For teams that want full sovereignty — every pixel, every callback, every token — choose Ory or SuperTokens. Ory's Kratos gives you the most flexible flow engine on the market, and SuperTokens' "override" pattern lets you replace any function in the auth flow with your own code. Both are excellent if you have one engineer who actually wants to own auth.
If you're already in the Google Cloud ecosystem, Firebase Authentication is the path of least resistance, but accept the trade-off: the login UI is harder to brand, and you'll be writing your own React components instead of theming a pre-built widget.
Avoid the temptation to pick Auth0 or Okta just because they're the famous names. Both work, but their pricing scales aggressively, and you'll pay enterprise rates for features (custom domains, branded emails) that open-source competitors include free. Use them only if your buyer specifically demands SOC 2 reports from a brand-name vendor.
Next step: pick two from this list, spin up a free tier, and try to make the Google button match your brand button — fonts, radius, spacing. The one that gets you there in under an hour is the one you should ship with. Also worth reading: our guide on the best open-source authentication tools.
Frequently Asked Questions
Can I customize the Google or GitHub login button without breaking their brand guidelines?
Yes — Google and GitHub allow custom buttons as long as the official logo and color are used somewhere. You can fully match your app's typography, padding, and corner radius. All providers in this list let you replace the default button entirely; they just hand back the OAuth URL.
Which identity provider supports the most social login providers out of the box?
Keycloak and Ory support the most via their generic OIDC/OAuth2 connectors — essentially anything that speaks the standard. For pre-built integrations with consumer providers (Apple, Discord, TikTok, LinkedIn), Logto and Auth0 have the largest catalog with one-click setup.
Can I request custom OAuth scopes like GitHub's 'repo' or Google's 'drive.file'?
Yes, but the ease varies. Logto, ZITADEL, Ory, SuperTokens, and Keycloak let you configure scopes per connector in their admin UI. Firebase and Auth0 require workarounds (custom OAuth providers or Actions) to request non-default scopes.
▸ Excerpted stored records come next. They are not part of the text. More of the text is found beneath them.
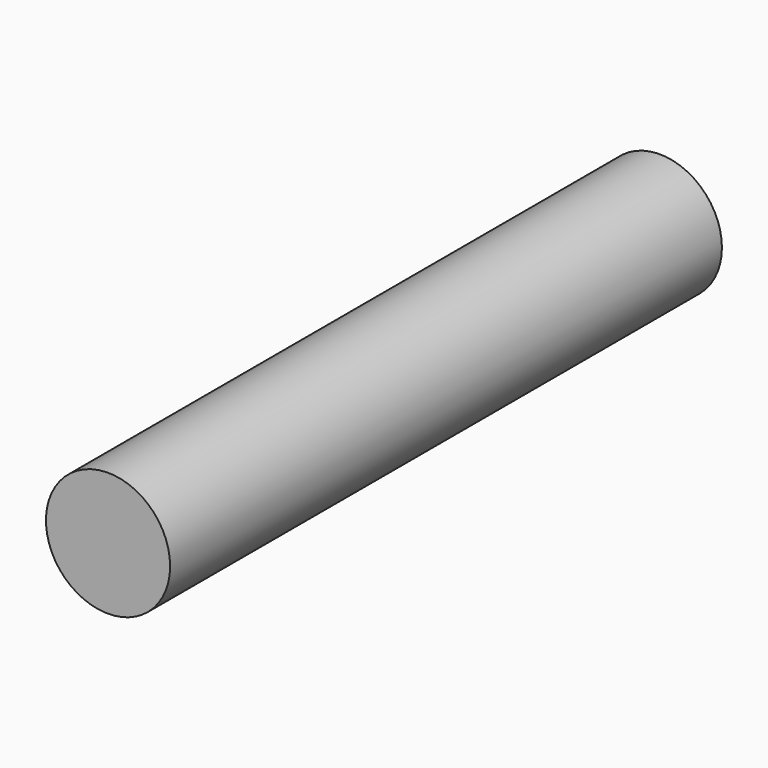
from build123d import *

# Parameters (mm, degrees)
F0_R     = 9
F1_DEPTH = 100


# Not quite as in the source:
# - a feature of the source that left no trace in its solid (it failed there, or was rolled back) is left out


with BuildPart() as f1:
    # F0 (on Front) → F1 (new body)
    with BuildSketch(Plane.XZ):
        Circle(F0_R)
    extrude(amount=F1_DEPTH)


solid = f1.part

Always verify the returned access token is stored and refreshable if you need API access later.
Self-hosted vs. managed — which is better for branded social login?
Self-hosted (Keycloak, Ory, SuperTokens, ZITADEL community edition) gives you full theme and callback control with zero per-user cost. Managed (Logto Cloud, Auth0, Firebase) saves operational overhead but limits branding on lower tiers (custom domains and email branding are often paywalled). For early-stage products, start managed; for scale or strict branding needs, self-host.
How do I store the access token from Google or GitHub to call their APIs later?
All open-source options (SuperTokens, Ory, Keycloak, ZITADEL, Logto) expose the social provider's access token in the post-auth callback so you can persist it. Firebase exposes it once but requires manual storage. Auth0 stores it via the Management API. Always confirm refresh tokens are returned if you need long-lived API access.